== Information given ==
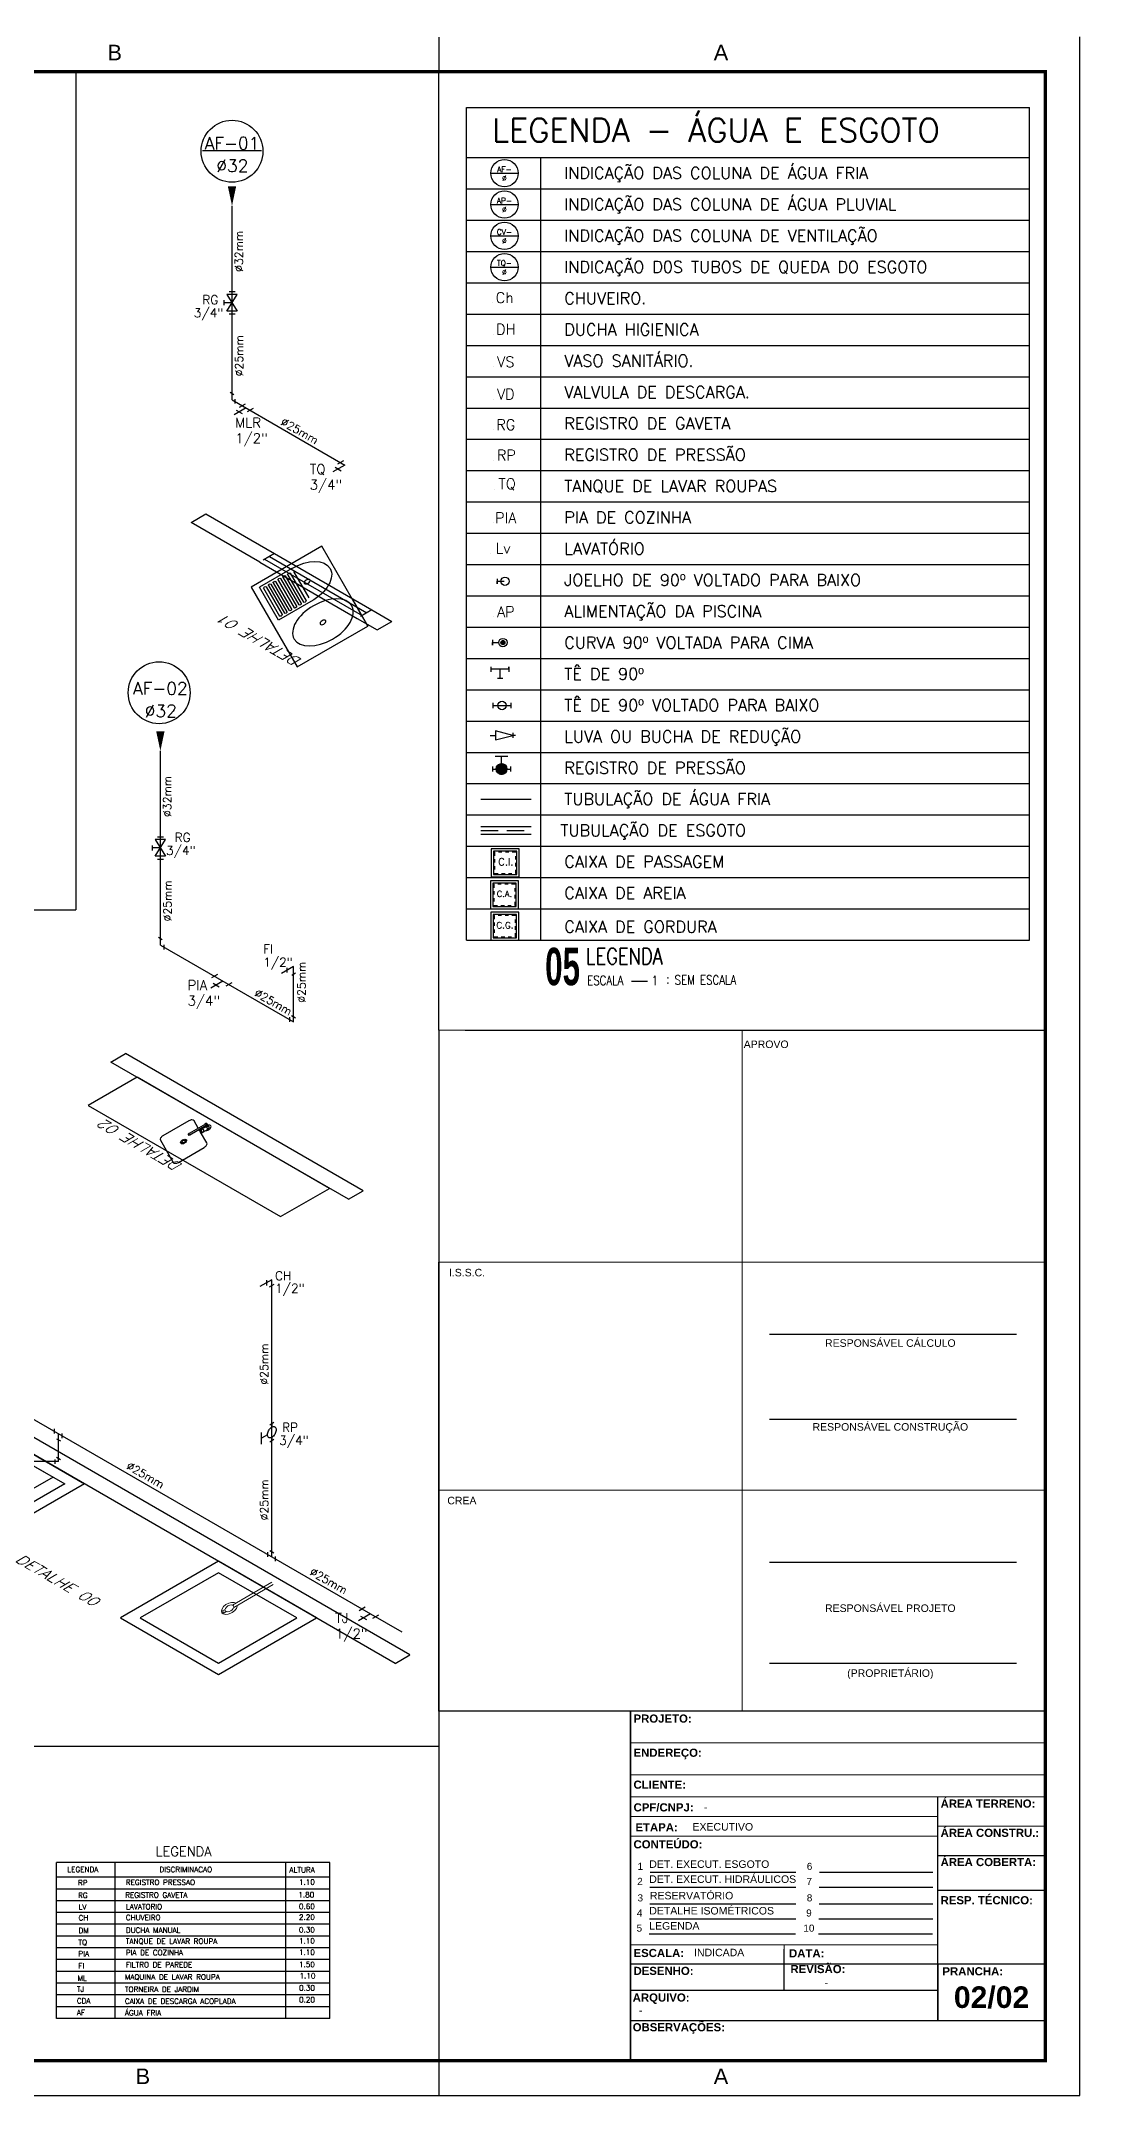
# Model space of a CAD drawing. Header units: millimetres. Extents: x 3923 to 4007, y 744 to 863.
# Drawn here: x 3977.1 to 4007.1, y 744 to 803.3 of the extents above; entities that cross this region are included whole.
import ezdxf
from ezdxf.enums import TextEntityAlignment as Align

# ---------------------------------------------------------------- set-up
doc = ezdxf.new("R2010")
doc.units = ezdxf.units.MM
for name, pattern in [('CONTINU', [0]), ('HIDDEN', [0.375, 0.25, -0.125]), ('HIDDEN2', [0.1875, 0.125, -0.0625]), ('HIDDENX2', [0.75, 0.5, -0.25])]:
    doc.linetypes.add(name, pattern=pattern)
for name, color, linetype in [('-HIDRO', 8, 'Continuous'), ('A-LAY-9', 9, 'Continuous'), ('A-PEN-R', 1, 'Continuous'), ('A-PEN-Y', 2, 'Continuous'), ('AF', 5, 'Continuous'), ('CONEXAO_AG_FRIA', 2, 'Continuous'), ('CONEXÃO_HIDRÁULICA', 2, 'Continuous'), ('Diametro', 2, 'Continuous'), ('E-txt-g', 3, 'Continuous'), ('Eixo', 4, 'HIDDENX2'), ('Esgoto', 5, 'Continuous'), ('HIDROGRAFIA', 4, 'Continuous'), ("LINHA - PROJETU'S", 1, 'Continuous'), ('P2', 1, 'Continuous'), ("PRANCHA - PROJETU'S", 7, 'Continuous'), ('Prumadas_L', 1, 'Continuous'), ('Prumadas_Q', 3, 'Continuous'), ('Prumadas_T', 2, 'Continuous'), ('TEXT', 2, 'Continuous'), ('TUBULAÇÃO_ESGOTO', 5, 'Continuous'), ('TUBULAÇÃO_HIDRÁULICA', 5, 'Continuous'), ('TXT_0', 7, 'Continuous'), ('TXT_1', 2, 'Continuous'), ('TXT_2', 6, 'Continuous')]:
    doc.layers.add(name, color=color, linetype=linetype)
doc.layers.add('E-Lay-9', color=9, linetype='Continuous', lineweight=9)
doc.styles.add('ADITIVOCAD', font='ROMANS.shx')
doc.styles.add('ARIAL', font='arial.ttf', dxfattribs={"height": 2})
doc.styles.add('HELVET', font='HELVET.SHX')
doc.styles.add('R80', font='simplex.shx', dxfattribs={"height": 12})
doc.styles.add('REG140', font='romans.shx', dxfattribs={"width": 0.8, "height": 0.35})
doc.styles.add('REG80', font='romans.shx', dxfattribs={"width": 0.8, "height": 0.2})
doc.styles.add('ROMANS', font='romans__.ttf', dxfattribs={"height": 0.1})
doc.styles.add('SANSSERIF2', font='sanssb__.ttf', dxfattribs={"width": 0.8})
doc.styles.get("Standard").update_dxf_attribs({"font": 'arial.ttf'})

# ---------------------------------------------------------------- blocks, each defined once
blk = doc.blocks.new('ADFSGASDFG')
at = {"layer": "PRANCHA - PROJETU'S", "color": 1}
for p, q in [((360.678, 47.946), (360.678, 107.346)), ((276.578, 47.946), (360.678, 47.946))]:
    blk.add_line(p, q, dxfattribs=at)
at = {"layer": "PRANCHA - PROJETU'S", "color": 4, "const_width": 0.1}
blk.add_lwpolyline([(279.078, 106.346), (359.678, 106.346), (359.678, 48.946), (279.078, 48.946)], close=True, dxfattribs=at)
blk = doc.blocks.new('CRBODADOSÇ')
at = {"layer": "PRANCHA - PROJETU'S", "color": 3}
blk.add_line((164.825, 196.917), (165.288, 196.917), dxfattribs=at)
at = {"layer": "PRANCHA - PROJETU'S", "color": 3, "style": 'REG80', "width": 0.8}
for s, p in [('ESCALA', (163.548, 196.799)), ('1', (165.407, 196.799)), (':', (165.829, 196.842))]:
    blk.add_text(s, height=0.27, dxfattribs=at).set_placement(p)
at = {"layer": "PRANCHA - PROJETU'S", "color": 2, "style": 'REG140', "width": 0.8}
for tag, p in [('PROJETO', (163.521, 198.067)), ('DESENHO', (163.516, 197.395))]:
    blk.add_attdef(tag, p, '', height=0.472, dxfattribs=at)
at = {"layer": "PRANCHA - PROJETU'S", "style": 'SANSSERIF2', "width": 0.6}
blk.add_attdef('00', text='', height=1.08, dxfattribs=at).set_placement((162.84, 196.795), align=Align.CENTER)
at = {"layer": "PRANCHA - PROJETU'S", "color": 3, "style": 'REG80', "width": 0.8}
blk.add_attdef('ESCALA', (166.075, 196.813), '', height=0.27, dxfattribs=at)
blk = doc.blocks.new('Adh_Afn')
blk.add_line((-0.25, 0), (0.25, 0))
blk.add_circle((0, 0), 0.25)
at = {"flags": 8}
for tag, p in [('$AF', (0, 0.07)), ('$DIAM', (0, -0.091))]:
    blk.add_attdef(tag, text='', height=0.1, dxfattribs=at).set_placement(p, align=Align.MIDDLE)
blk = doc.blocks.new('ADH_HIUTILIZ1')
blk.add_line((0.12, 0), (0.12, 0))
at = {"flags": 8}
blk.add_attdef('$N', text='', height=0.09, dxfattribs=at).set_placement((0.226, 0.042), align=Align.MIDDLE)
blk = doc.blocks.new('Adh_cx_j90b')
blk.add_lwpolyline([(-0.068, 0.022), (-0.068, -0.022), (-0.068, 0), (-0.006, 0)])
blk.add_circle((0, 0), 0.0359)
blk = doc.blocks.new('Adh_cx_c90c')
h = blk.add_hatch()
h.set_pattern_fill('_U', color=256, scale=0.002, angle=45, style=0, double=1, pattern_type=0)
h.set_pattern_definition([(45, (-6.0733674, -5.0413484), (-0.00141421356, 0.00141421356), []), (135, (-6.0733674, -5.0413484), (-0.00141421356, -0.00141421356), [])])
h.paths.add_polyline_path([(-0.017, 0, 1), (0.017, 0, 1)])
blk.add_lwpolyline([(-0.088, 0.022), (-0.088, -0.023), (-0.088, 0), (-0.036, 0)])
for radius in [0.0359, 0.017]:
    blk.add_circle((0, 0), radius)
blk = doc.blocks.new('Adh_cx_te90')
for p, q in [((-0.075, -0.0225), (-0.075, 0.0225)), ((0.075, 0), (-0.075, 0)), ((0, -0.075), (0, 0)), ((0.075, 0), (0.075, 0.0225)), ((0.075, 0.0225), (0.075, -0.0225)), ((-0.0225, -0.075), (0.0225, -0.075))]:
    blk.add_line(p, q)
blk = doc.blocks.new('Adh_cx_te90b')
for p, q in [((-0.078, 0.0225), (-0.078, -0.0225)), ((-0.078, 0), (0.078, 0)), ((0.078, -0.0225), (0.078, 0.0225))]:
    blk.add_line(p, q)
blk.add_circle((0, 0), 0.0359)
blk = doc.blocks.new('Adh_cx_lvr')
for p, q in [((0, 0), (-0.15, 0.0375)), ((-0.15, 0.0375), (-0.15, -0.0375)), ((-0.15, -0.0375), (0, 0)), ((0, 0.0225), (0, -0.0225)), ((-0.195, 0), (-0.15, 0)), ((0.0225, 0), (0, 0))]:
    blk.add_line(p, q)
blk = doc.blocks.new('Adh_acs_rg')
h = blk.add_hatch()
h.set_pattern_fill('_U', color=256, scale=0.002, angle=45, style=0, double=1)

== Task to complete ==
The entries are to be written out again exactly, though without any images.

== Answer for this exercise ==
# Model space of a CAD drawing. Header units: millimetres. Extents: x 3923 to 4007, y 744 to 863.
# Drawn here: x 3977.1 to 4007.1, y 744 to 803.3 of the extents above; entities that cross this region are included whole.
import ezdxf
from ezdxf.enums import TextEntityAlignment as Align

# ---------------------------------------------------------------- set-up
doc = ezdxf.new("R2010")
doc.units = ezdxf.units.MM
for name, pattern in [('CONTINU', [0]), ('HIDDEN', [0.375, 0.25, -0.125]), ('HIDDEN2', [0.1875, 0.125, -0.0625]), ('HIDDENX2', [0.75, 0.5, -0.25])]:
    doc.linetypes.add(name, pattern=pattern)
for name, color, linetype in [('-HIDRO', 8, 'Continuous'), ('A-LAY-9', 9, 'Continuous'), ('A-PEN-R', 1, 'Continuous'), ('A-PEN-Y', 2, 'Continuous'), ('AF', 5, 'Continuous'), ('CONEXAO_AG_FRIA', 2, 'Continuous'), ('CONEXÃO_HIDRÁULICA', 2, 'Continuous'), ('Diametro', 2, 'Continuous'), ('E-txt-g', 3, 'Continuous'), ('Eixo', 4, 'HIDDENX2'), ('Esgoto', 5, 'Continuous'), ('HIDROGRAFIA', 4, 'Continuous'), ("LINHA - PROJETU'S", 1, 'Continuous'), ('P2', 1, 'Continuous'), ("PRANCHA - PROJETU'S", 7, 'Continuous'), ('Prumadas_L', 1, 'Continuous'), ('Prumadas_Q', 3, 'Continuous'), ('Prumadas_T', 2, 'Continuous'), ('TEXT', 2, 'Continuous'), ('TUBULAÇÃO_ESGOTO', 5, 'Continuous'), ('TUBULAÇÃO_HIDRÁULICA', 5, 'Continuous'), ('TXT_0', 7, 'Continuous'), ('TXT_1', 2, 'Continuous'), ('TXT_2', 6, 'Continuous')]:
    doc.layers.add(name, color=color, linetype=linetype)
doc.layers.add('E-Lay-9', color=9, linetype='Continuous', lineweight=9)
doc.styles.add('ADITIVOCAD', font='ROMANS.shx')
doc.styles.add('ARIAL', font='arial.ttf', dxfattribs={"height": 2})
doc.styles.add('HELVET', font='HELVET.SHX')
doc.styles.add('R80', font='simplex.shx', dxfattribs={"height": 12})
doc.styles.add('REG140', font='romans.shx', dxfattribs={"width": 0.8, "height": 0.35})
doc.styles.add('REG80', font='romans.shx', dxfattribs={"width": 0.8, "height": 0.2})
doc.styles.add('ROMANS', font='romans__.ttf', dxfattribs={"height": 0.1})
doc.styles.add('SANSSERIF2', font='sanssb__.ttf', dxfattribs={"width": 0.8})
doc.styles.get("Standard").update_dxf_attribs({"font": 'arial.ttf'})

# ---------------------------------------------------------------- blocks, each defined once
blk = doc.blocks.new('ADFSGASDFG')
at = {"layer": "PRANCHA - PROJETU'S", "color": 1}
for p, q in [((360.678, 47.946), (360.678, 107.346)), ((276.578, 47.946), (360.678, 47.946))]:
    blk.add_line(p, q, dxfattribs=at)
at = {"layer": "PRANCHA - PROJETU'S", "color": 4, "const_width": 0.1}
blk.add_lwpolyline([(279.078, 106.346), (359.678, 106.346), (359.678, 48.946), (279.078, 48.946)], close=True, dxfattribs=at)
blk = doc.blocks.new('CRBODADOSÇ')
at = {"layer": "PRANCHA - PROJETU'S", "color": 3}
blk.add_line((164.825, 196.917), (165.288, 196.917), dxfattribs=at)
at = {"layer": "PRANCHA - PROJETU'S", "color": 3, "style": 'REG80', "width": 0.8}
for s, p in [('ESCALA', (163.548, 196.799)), ('1', (165.407, 196.799)), (':', (165.829, 196.842))]:
    blk.add_text(s, height=0.27, dxfattribs=at).set_placement(p)
at = {"layer": "PRANCHA - PROJETU'S", "color": 2, "style": 'REG140', "width": 0.8}
for tag, p in [('PROJETO', (163.521, 198.067)), ('DESENHO', (163.516, 197.395))]:
    blk.add_attdef(tag, p, '', height=0.472, dxfattribs=at)
at = {"layer": "PRANCHA - PROJETU'S", "style": 'SANSSERIF2', "width": 0.6}
blk.add_attdef('00', text='', height=1.08, dxfattribs=at).set_placement((162.84, 196.795), align=Align.CENTER)
at = {"layer": "PRANCHA - PROJETU'S", "color": 3, "style": 'REG80', "width": 0.8}
blk.add_attdef('ESCALA', (166.075, 196.813), '', height=0.27, dxfattribs=at)
blk = doc.blocks.new('Adh_Afn')
blk.add_line((-0.25, 0), (0.25, 0))
blk.add_circle((0, 0), 0.25)
at = {"flags": 8}
for tag, p in [('$AF', (0, 0.07)), ('$DIAM', (0, -0.091))]:
    blk.add_attdef(tag, text='', height=0.1, dxfattribs=at).set_placement(p, align=Align.MIDDLE)
blk = doc.blocks.new('ADH_HIUTILIZ1')
blk.add_line((0.12, 0), (0.12, 0))
at = {"flags": 8}
blk.add_attdef('$N', text='', height=0.09, dxfattribs=at).set_placement((0.226, 0.042), align=Align.MIDDLE)
blk = doc.blocks.new('Adh_cx_j90b')
blk.add_lwpolyline([(-0.068, 0.022), (-0.068, -0.022), (-0.068, 0), (-0.006, 0)])
blk.add_circle((0, 0), 0.0359)
blk = doc.blocks.new('Adh_cx_c90c')
h = blk.add_hatch()
h.set_pattern_fill('_U', color=256, scale=0.002, angle=45, style=0, double=1, pattern_type=0)
h.set_pattern_definition([(45, (-6.0733674, -5.0413484), (-0.00141421356, 0.00141421356), []), (135, (-6.0733674, -5.0413484), (-0.00141421356, -0.00141421356), [])])
h.paths.add_polyline_path([(-0.017, 0, 1), (0.017, 0, 1)])
blk.add_lwpolyline([(-0.088, 0.022), (-0.088, -0.023), (-0.088, 0), (-0.036, 0)])
for radius in [0.0359, 0.017]:
    blk.add_circle((0, 0), radius)
blk = doc.blocks.new('Adh_cx_te90')
for p, q in [((-0.075, -0.0225), (-0.075, 0.0225)), ((0.075, 0), (-0.075, 0)), ((0, -0.075), (0, 0)), ((0.075, 0), (0.075, 0.0225)), ((0.075, 0.0225), (0.075, -0.0225)), ((-0.0225, -0.075), (0.0225, -0.075))]:
    blk.add_line(p, q)
blk = doc.blocks.new('Adh_cx_te90b')
for p, q in [((-0.078, 0.0225), (-0.078, -0.0225)), ((-0.078, 0), (0.078, 0)), ((0.078, -0.0225), (0.078, 0.0225))]:
    blk.add_line(p, q)
blk.add_circle((0, 0), 0.0359)
blk = doc.blocks.new('Adh_cx_lvr')
for p, q in [((0, 0), (-0.15, 0.0375)), ((-0.15, 0.0375), (-0.15, -0.0375)), ((-0.15, -0.0375), (0, 0)), ((0, 0.0225), (0, -0.0225)), ((-0.195, 0), (-0.15, 0)), ((0.0225, 0), (0, 0))]:
    blk.add_line(p, q)
blk = doc.blocks.new('Adh_acs_rg')
h = blk.add_hatch()
h.set_pattern_fill('_U', color=256, scale=0.002, angle=45, style=0, double=1)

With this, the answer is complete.